For our example architecture, both the address computation stage and the operand fetch pipeline stages may stall, assuming that we do not introduce any forwarding logic. As it turns out, we cannot promote instructions around the address computation stage, so reordering cannot be used to limit the impact of address computation stalls. We can, however, apply this approach in a very limited way to some operand fetch stalls.
Why is out-of-order execution inapplicable to the address computation phase? Because the basic promotion operator requires looking at the contents of the interstage register that serves as input to the previous pipeline stage! The previous stage is the instruction fetch stage, and there is no interstage register previous to it!
In the case of stalls in the operand fetch stage, however, these involve stalling the processing of the contents of the interstage register between the address computation stage and the operand fetch stage. The candidate for promotion is the instruction in the previous interstage register, between the instruction fetch stage and the address computation stage.
In general, promotion involves the following data paths:
| |______| o-------|>___| | |______| previous stage | | | NOP o-------------------- | _|_|_ | | --\___/ | | | _|__ | o---|---|>___| | | | |______| blocked stage | | | | __________________| interlock and _|_ | _|_|_ promotion path promotion logic|___|-o----\___/ | __|_ ------------------o-------|>___| |______| following stage
When we promote an instruction around a blocked stage, we must replace it with a NOP at the stage from which it was promoted and we must use that instruction instead of the NOP coming out of the blocked stage.
In general, the blocked pipeline stage is unavailable to perform any computation, so the only instructions that can be promoted are those that perform little or no computation. No computation if there is no logic in the promotion path, and little computation if there is little logic in the promotion path.

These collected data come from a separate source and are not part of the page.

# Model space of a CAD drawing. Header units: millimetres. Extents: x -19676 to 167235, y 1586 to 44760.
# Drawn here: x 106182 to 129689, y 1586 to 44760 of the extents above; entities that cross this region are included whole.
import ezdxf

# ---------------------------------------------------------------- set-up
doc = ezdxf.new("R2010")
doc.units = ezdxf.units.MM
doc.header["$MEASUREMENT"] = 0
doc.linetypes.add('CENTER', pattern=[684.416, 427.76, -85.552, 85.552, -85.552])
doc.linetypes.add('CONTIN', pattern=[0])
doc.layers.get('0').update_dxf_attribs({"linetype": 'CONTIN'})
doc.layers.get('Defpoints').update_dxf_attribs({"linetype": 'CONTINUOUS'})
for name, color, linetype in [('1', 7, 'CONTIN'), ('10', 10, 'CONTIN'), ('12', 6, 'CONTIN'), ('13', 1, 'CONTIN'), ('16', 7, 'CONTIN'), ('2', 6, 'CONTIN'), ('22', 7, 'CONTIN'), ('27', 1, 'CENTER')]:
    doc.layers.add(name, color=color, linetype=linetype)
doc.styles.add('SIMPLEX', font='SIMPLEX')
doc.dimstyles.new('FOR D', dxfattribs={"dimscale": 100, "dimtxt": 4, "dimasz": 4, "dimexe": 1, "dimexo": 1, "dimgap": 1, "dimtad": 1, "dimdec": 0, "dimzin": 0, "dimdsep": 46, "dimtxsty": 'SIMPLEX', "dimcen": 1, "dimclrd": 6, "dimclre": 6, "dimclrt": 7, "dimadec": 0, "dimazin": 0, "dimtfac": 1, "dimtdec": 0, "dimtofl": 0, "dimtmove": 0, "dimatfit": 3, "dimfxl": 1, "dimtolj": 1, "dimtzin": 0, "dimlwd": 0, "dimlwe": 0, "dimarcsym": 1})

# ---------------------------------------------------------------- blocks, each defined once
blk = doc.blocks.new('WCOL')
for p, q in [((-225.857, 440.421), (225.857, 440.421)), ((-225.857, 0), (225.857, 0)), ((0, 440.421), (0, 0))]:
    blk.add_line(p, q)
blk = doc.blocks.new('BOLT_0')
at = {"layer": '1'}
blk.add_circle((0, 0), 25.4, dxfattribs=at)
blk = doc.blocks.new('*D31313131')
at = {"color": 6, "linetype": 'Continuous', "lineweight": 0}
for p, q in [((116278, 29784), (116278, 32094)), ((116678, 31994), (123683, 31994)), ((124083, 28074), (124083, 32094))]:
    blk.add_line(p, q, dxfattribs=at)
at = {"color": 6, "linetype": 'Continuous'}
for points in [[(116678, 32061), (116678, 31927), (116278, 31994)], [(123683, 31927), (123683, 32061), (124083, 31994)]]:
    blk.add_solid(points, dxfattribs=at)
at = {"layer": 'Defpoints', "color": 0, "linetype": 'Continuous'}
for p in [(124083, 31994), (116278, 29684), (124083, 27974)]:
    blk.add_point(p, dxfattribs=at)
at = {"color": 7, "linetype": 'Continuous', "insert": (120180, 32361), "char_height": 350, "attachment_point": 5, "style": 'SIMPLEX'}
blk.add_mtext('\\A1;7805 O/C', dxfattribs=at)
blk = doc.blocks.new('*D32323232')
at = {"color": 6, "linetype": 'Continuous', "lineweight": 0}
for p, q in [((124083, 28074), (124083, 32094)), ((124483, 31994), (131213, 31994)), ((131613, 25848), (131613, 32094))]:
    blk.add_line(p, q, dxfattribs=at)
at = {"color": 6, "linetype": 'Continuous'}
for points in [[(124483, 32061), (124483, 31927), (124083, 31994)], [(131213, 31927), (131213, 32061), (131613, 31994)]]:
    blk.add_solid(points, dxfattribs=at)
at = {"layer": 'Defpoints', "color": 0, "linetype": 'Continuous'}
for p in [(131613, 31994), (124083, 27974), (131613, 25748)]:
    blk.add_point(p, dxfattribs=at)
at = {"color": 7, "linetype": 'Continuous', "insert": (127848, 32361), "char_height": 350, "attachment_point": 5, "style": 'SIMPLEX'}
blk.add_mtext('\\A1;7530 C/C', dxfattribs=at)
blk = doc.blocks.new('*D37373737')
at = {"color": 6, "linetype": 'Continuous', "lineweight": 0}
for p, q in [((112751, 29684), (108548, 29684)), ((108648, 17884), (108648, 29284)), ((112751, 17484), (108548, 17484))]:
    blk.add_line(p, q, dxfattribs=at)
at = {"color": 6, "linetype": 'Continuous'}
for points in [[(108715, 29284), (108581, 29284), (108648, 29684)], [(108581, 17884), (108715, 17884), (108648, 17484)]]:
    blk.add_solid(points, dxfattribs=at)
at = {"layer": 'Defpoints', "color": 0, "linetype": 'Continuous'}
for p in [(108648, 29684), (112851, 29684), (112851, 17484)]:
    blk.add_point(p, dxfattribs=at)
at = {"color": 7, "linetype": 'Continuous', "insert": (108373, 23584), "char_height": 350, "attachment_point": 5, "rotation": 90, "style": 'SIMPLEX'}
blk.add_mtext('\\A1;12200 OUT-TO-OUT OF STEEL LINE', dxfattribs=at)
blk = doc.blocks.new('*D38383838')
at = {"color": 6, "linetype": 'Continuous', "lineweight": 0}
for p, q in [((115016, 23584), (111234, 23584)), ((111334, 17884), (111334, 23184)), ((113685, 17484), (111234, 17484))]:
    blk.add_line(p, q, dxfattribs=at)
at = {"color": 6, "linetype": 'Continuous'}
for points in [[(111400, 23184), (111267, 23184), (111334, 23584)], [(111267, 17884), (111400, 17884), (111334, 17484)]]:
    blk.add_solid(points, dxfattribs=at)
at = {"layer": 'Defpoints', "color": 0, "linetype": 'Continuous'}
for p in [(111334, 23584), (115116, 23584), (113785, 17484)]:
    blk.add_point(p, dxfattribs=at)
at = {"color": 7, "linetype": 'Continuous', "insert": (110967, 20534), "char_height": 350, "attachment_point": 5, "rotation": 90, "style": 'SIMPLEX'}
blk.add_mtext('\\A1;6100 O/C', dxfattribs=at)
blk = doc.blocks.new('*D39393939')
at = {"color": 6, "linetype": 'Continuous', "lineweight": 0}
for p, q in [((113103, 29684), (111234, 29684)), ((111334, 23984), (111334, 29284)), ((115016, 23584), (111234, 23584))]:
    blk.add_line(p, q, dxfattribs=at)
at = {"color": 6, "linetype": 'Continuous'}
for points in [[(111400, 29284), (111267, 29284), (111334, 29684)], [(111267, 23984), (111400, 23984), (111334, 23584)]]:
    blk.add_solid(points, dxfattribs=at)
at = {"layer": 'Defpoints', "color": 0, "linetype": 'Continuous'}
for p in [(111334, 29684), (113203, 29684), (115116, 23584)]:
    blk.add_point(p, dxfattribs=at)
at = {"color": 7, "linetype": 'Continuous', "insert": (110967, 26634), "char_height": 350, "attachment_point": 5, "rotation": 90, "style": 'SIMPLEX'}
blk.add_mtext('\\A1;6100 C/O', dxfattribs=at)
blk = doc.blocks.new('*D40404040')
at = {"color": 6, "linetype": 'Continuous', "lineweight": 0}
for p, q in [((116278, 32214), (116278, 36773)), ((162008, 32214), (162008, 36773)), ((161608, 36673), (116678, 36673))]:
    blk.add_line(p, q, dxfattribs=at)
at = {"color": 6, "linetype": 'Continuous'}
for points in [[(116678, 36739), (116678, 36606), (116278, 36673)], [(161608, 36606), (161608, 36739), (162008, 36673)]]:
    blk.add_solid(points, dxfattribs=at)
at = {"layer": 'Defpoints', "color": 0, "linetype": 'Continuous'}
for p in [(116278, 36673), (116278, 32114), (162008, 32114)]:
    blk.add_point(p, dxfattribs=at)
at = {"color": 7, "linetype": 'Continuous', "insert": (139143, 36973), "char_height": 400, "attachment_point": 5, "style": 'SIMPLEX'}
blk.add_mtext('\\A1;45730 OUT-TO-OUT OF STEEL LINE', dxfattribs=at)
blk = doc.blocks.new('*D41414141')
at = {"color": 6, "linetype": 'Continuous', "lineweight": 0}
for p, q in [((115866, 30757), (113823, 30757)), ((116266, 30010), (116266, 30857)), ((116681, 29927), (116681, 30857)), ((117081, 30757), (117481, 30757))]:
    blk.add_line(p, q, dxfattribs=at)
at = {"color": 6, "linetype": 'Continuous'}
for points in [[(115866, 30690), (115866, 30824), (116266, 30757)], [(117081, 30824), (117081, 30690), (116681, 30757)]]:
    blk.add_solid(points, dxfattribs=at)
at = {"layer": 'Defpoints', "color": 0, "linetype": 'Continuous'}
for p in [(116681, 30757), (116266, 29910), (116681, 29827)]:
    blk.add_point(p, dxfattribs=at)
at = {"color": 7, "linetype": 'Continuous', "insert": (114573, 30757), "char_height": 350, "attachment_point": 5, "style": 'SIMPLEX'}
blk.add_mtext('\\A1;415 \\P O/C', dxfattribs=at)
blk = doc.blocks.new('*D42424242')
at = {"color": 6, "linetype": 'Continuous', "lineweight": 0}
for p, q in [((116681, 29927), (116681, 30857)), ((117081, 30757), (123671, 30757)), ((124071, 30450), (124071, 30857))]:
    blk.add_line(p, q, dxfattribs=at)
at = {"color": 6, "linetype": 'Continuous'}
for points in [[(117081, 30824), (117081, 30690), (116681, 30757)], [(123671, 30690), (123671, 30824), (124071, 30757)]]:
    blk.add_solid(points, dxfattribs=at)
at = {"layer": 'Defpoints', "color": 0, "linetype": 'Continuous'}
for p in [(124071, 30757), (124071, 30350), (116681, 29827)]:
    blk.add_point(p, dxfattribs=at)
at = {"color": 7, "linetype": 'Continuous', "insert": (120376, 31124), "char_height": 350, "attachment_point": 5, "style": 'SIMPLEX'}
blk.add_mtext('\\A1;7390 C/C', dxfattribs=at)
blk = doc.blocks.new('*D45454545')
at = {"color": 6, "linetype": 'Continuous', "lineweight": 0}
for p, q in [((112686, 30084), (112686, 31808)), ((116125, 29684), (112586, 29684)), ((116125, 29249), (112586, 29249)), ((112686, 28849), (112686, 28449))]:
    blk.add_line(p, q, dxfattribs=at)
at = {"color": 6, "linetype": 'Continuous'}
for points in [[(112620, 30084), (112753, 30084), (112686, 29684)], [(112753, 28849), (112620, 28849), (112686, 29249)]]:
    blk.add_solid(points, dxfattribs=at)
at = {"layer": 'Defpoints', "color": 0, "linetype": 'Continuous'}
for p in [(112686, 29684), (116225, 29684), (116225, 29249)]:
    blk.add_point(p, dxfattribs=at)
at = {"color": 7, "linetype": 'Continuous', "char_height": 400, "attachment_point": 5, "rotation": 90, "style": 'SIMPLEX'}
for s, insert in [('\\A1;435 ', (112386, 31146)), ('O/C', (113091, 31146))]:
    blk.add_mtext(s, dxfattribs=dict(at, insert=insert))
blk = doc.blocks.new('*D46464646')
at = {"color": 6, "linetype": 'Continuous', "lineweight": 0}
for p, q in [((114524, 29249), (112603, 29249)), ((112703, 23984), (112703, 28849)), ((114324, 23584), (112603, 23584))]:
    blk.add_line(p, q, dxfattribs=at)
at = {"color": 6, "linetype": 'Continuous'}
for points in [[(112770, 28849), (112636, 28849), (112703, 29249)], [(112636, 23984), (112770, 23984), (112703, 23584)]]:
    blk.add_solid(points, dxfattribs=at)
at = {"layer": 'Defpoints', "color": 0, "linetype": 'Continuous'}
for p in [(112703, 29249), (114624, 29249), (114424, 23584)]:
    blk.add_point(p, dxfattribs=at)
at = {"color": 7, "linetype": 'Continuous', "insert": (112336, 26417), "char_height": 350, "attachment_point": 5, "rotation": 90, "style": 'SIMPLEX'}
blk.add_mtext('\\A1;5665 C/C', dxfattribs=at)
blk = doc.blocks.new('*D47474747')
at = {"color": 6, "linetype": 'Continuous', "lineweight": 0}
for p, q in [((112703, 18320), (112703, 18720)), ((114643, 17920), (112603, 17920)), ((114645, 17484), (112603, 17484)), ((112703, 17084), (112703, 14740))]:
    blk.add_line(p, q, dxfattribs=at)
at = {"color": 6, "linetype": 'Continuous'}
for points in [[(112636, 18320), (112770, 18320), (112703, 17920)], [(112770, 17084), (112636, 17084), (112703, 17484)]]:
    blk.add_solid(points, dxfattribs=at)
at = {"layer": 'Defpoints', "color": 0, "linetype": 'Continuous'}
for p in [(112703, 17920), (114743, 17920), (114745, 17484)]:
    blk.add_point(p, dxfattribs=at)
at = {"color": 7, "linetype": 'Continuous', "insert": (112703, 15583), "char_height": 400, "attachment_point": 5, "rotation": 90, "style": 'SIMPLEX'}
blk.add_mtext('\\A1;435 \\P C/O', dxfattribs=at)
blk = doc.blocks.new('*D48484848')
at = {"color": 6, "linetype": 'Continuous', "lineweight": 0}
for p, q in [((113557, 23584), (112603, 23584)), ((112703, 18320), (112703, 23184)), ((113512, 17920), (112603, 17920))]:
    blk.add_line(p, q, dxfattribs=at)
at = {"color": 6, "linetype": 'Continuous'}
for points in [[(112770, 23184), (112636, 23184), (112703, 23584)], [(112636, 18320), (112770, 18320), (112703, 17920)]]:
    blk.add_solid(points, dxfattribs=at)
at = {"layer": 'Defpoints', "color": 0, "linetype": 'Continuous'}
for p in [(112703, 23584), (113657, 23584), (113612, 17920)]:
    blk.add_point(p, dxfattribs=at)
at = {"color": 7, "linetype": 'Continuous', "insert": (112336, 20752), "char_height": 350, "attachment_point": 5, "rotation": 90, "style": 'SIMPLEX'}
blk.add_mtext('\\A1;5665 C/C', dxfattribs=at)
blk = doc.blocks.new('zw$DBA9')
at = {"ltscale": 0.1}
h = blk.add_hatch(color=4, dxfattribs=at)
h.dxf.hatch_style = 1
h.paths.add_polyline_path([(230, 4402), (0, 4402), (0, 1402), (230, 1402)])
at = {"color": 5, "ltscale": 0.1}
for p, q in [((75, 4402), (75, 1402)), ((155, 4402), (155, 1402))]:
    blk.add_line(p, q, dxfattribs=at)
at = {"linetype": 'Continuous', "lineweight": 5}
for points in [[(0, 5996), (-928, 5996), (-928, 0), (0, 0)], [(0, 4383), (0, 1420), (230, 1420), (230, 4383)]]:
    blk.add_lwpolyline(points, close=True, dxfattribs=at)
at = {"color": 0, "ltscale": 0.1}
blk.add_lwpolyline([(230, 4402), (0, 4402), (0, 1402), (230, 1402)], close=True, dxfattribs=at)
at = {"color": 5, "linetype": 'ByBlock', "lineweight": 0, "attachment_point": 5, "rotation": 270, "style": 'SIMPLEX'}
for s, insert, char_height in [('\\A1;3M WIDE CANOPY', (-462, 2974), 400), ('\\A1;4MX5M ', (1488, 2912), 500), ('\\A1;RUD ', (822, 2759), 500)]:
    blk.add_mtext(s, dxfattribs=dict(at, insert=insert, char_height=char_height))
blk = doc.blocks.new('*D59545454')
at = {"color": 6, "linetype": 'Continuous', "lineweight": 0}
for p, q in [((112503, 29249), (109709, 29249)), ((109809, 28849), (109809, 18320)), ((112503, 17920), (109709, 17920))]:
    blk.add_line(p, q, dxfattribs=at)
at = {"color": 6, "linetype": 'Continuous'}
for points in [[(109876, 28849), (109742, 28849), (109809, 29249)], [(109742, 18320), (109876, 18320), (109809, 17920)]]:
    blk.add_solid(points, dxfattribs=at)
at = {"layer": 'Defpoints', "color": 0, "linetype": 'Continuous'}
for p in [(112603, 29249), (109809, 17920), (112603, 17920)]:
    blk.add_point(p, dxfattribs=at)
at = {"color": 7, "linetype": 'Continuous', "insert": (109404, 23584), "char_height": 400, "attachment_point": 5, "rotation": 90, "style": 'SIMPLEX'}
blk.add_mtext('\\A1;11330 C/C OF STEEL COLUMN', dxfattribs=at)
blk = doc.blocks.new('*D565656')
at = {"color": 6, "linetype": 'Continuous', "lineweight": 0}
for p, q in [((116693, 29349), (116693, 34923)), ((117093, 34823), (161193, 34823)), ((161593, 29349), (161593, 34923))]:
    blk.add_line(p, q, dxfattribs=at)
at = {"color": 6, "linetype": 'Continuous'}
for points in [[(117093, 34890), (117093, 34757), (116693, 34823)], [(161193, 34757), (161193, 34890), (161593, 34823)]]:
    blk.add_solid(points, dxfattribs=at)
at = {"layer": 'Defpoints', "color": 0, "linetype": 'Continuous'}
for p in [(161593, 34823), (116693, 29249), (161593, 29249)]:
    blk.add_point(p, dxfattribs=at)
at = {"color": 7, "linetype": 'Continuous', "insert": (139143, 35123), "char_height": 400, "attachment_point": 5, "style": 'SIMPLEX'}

What instructions does this leave? Consider the example system, with an operand fetch stage that can block. There are a few instructions that make no significant use of the operand fetch stage! Specifically, the load immediate instruction in our example instruction set can be be promoted because it needs neither an operand from memory nor an operand from registers. The value in the effective address output from the address computation stage becomes the operand B on the input to the operate stage, while operand A is unneeded, and the opcode and register fields are copied verbatim.
Recall that load immediate instructions into the program counter were allowed, and were used as branch instructions! Clearly, we must make a special case of these, because code re-ordering cannot be allowed to change the position of a branch instruction relative to other instructions in its vicinity! No instruction should be promoted past a branch instruction, and no branch instruction should be promoted!
There appear to be no other instruction promotions possible with this architecture! Superscalar pipelined machines offer far more interesting reordering possibilities, but the basic mechanisms remain remarkably similar to those discussed here. For the example pipeline architecture, though, it is quite clear that out-of-order execution cannot achieve the speedups that were possible using operand forwarding, and furthermore, for this architecture, there is no need to use both mechanisms; they are alternatives.